Volkswagen’s plan to cut costs by 10 billion euros ($10.9 billion) and boost overall profitability of its namesake VW brand will come under scrutiny on Wednesday when the company hosts an investor day.
Investors will also want to know what VW thinks about reports that the threat of Chinese electric cars could lead to European Union (EU) tariff measures.
Auto investors in general have been concerned about the uncertain economic outlook. VW investors see a weakness in the profitability of its own brand and other mass-market cars Skoda and SEAT that needs to be addressed.
Experts expect production to exceed demand in Europe throughout 2023 as downward pressure on prices and profit margins intensifies. As Europe’s leading seller, VW will face calls for staff and capacity cuts. Due to the political nature of the management structure, this is always more difficult for VW than for its competitors.
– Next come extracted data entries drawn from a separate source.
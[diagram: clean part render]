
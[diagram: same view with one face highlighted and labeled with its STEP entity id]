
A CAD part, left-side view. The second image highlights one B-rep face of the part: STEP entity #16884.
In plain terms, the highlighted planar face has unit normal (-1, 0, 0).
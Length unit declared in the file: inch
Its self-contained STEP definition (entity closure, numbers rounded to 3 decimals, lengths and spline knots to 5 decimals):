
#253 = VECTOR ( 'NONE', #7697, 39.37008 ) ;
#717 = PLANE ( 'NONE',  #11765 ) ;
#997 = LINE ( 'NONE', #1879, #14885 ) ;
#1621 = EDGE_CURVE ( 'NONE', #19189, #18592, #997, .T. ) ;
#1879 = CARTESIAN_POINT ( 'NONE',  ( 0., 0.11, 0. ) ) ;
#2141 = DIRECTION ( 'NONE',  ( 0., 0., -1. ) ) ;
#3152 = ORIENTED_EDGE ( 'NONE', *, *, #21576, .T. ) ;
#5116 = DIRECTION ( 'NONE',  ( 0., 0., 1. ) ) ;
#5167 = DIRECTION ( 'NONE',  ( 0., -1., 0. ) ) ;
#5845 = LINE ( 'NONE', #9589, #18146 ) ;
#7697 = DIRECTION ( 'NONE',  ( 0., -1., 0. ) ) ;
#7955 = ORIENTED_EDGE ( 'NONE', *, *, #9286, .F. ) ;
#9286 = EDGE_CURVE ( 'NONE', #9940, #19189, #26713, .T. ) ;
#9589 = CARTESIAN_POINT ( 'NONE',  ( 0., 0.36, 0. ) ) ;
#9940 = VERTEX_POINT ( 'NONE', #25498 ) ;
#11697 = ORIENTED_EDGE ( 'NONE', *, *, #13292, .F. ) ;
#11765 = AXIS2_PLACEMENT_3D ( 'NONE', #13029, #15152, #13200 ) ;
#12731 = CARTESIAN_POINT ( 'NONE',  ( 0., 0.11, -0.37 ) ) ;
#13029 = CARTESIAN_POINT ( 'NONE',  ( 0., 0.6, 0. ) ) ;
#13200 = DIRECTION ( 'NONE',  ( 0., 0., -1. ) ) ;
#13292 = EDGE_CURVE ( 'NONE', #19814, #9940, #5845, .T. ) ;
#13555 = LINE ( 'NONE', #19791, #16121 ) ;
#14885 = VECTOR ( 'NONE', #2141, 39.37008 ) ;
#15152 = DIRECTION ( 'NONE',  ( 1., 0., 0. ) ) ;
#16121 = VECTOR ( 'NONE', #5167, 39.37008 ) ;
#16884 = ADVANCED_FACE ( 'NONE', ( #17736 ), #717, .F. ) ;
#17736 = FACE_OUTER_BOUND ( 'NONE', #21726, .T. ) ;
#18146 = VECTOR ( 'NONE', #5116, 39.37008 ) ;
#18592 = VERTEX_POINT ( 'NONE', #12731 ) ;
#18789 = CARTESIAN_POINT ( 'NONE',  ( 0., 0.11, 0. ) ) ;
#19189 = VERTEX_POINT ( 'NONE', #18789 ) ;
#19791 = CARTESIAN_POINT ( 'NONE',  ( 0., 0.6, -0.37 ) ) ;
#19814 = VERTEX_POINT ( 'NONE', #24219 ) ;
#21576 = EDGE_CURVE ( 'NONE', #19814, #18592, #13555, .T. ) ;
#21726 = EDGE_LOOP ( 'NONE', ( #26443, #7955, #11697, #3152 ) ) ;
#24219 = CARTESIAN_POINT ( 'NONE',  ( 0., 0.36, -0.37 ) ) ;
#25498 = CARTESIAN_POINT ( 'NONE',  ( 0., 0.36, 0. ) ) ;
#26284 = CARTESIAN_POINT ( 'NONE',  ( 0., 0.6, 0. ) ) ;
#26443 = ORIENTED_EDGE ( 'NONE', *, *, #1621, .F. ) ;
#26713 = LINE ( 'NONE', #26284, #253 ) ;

Sales of VW electric vehicles have come under pressure as competition from other Europeans, Tesla and China increases. China has built a major lead in electric car and battery technology. It is currently posing a formidable challenge across Europe as customs alarm bells are ringing at EU headquarters in Brussels.
French government officials are reportedly seeking import restrictions to protect the electric car industry. German manufacturers are also suffering from China’s supposed 20 percent cost advantage, but are less interested in curbing imports, not least because this could jeopardize their enormously profitable sales there. France is significantly weaker in China.
Investors appeared positive about the possibility of an improvement in VW’s troubled outlook, as the share price rose to just over 160 euros last week from around 140 euros at the end of May. There could be some last-minute unrest as the price fell back below €160 on Monday.
VW’s overall financial performance is sending mixed signals to investors. Operating profit fell to 5.7 billion euros ($6.2 billion) in the 1st.St Compared to the year-ago period, the increase in the year-ago quarter was 8 billion euros ($8.7 billion), but after excluding the impact of commodity trading, it rose 35% to 7.1 billion euros, a margin of 9.3% . The annual target remains in the range of 7.5 to 8.5%.
As VW unveiled its mass-market cost-cutting plans, Bernstein Research said specific details were scant and hoped Wednesday’s meeting could fill some gaps.
“We assume the €10 billion includes revenue, cost avoidance and outright cost improvement, but the split is unclear,” said an Investment Research report.
“VW also intends to permanently reduce costs out of business by streamlining the product lineup, particularly by eliminating the VW Arteon and other low-volume models and most vehicle configuration options,” the report reads.
“Further synergies between volume brands (multi-brand assets and platforms) are expected to deliver further cost savings.” says the report.
Investment bank UBS pointed out that the VW brand recently cut its margin target for 2023 from about 6% to about 4%, down from 3.6% in 2022, worse than most of its mass-market peers in Europe. UBS spoke of VW’s structural inability to generate attractive margins with small, affordable cars.
“Before we pass judgment on VW’s strategic plan, we await the full announcements (on Wednesday). However, the VW brand plan does not appear to be a reason to change our structurally cautious stance on mass brands within the VW Group,” UBS said in a report.
According to a report last month by Allianz Trade, a subsidiary of German insurance company Allianz, the threat from China will intensify later in the decade, stealing a large chunk of electric car sales and profits from Europeans.
Allianz Trade said that unless the EU takes action, selling Chinese BEVs will cost European automakers 7 billion euros annually in lost profits through 2030. Measures should include tariffs. A 10% import duty is now levied on Chinese vehicle imports into Europe.
Investors will be concerned about Volkswagen’s governance, which has historically focused on employee satisfaction rather than investors. VW is controlled by a 20-member supervisory board, where the unions control half of the votes and two politicians from the state of Lower Saxony frequently vote with Labour. For decades, investors in VW shares have held off because the unwieldy management structure has blocked attempts to transform the company into a normal corporation in which for-profit shareholders rule.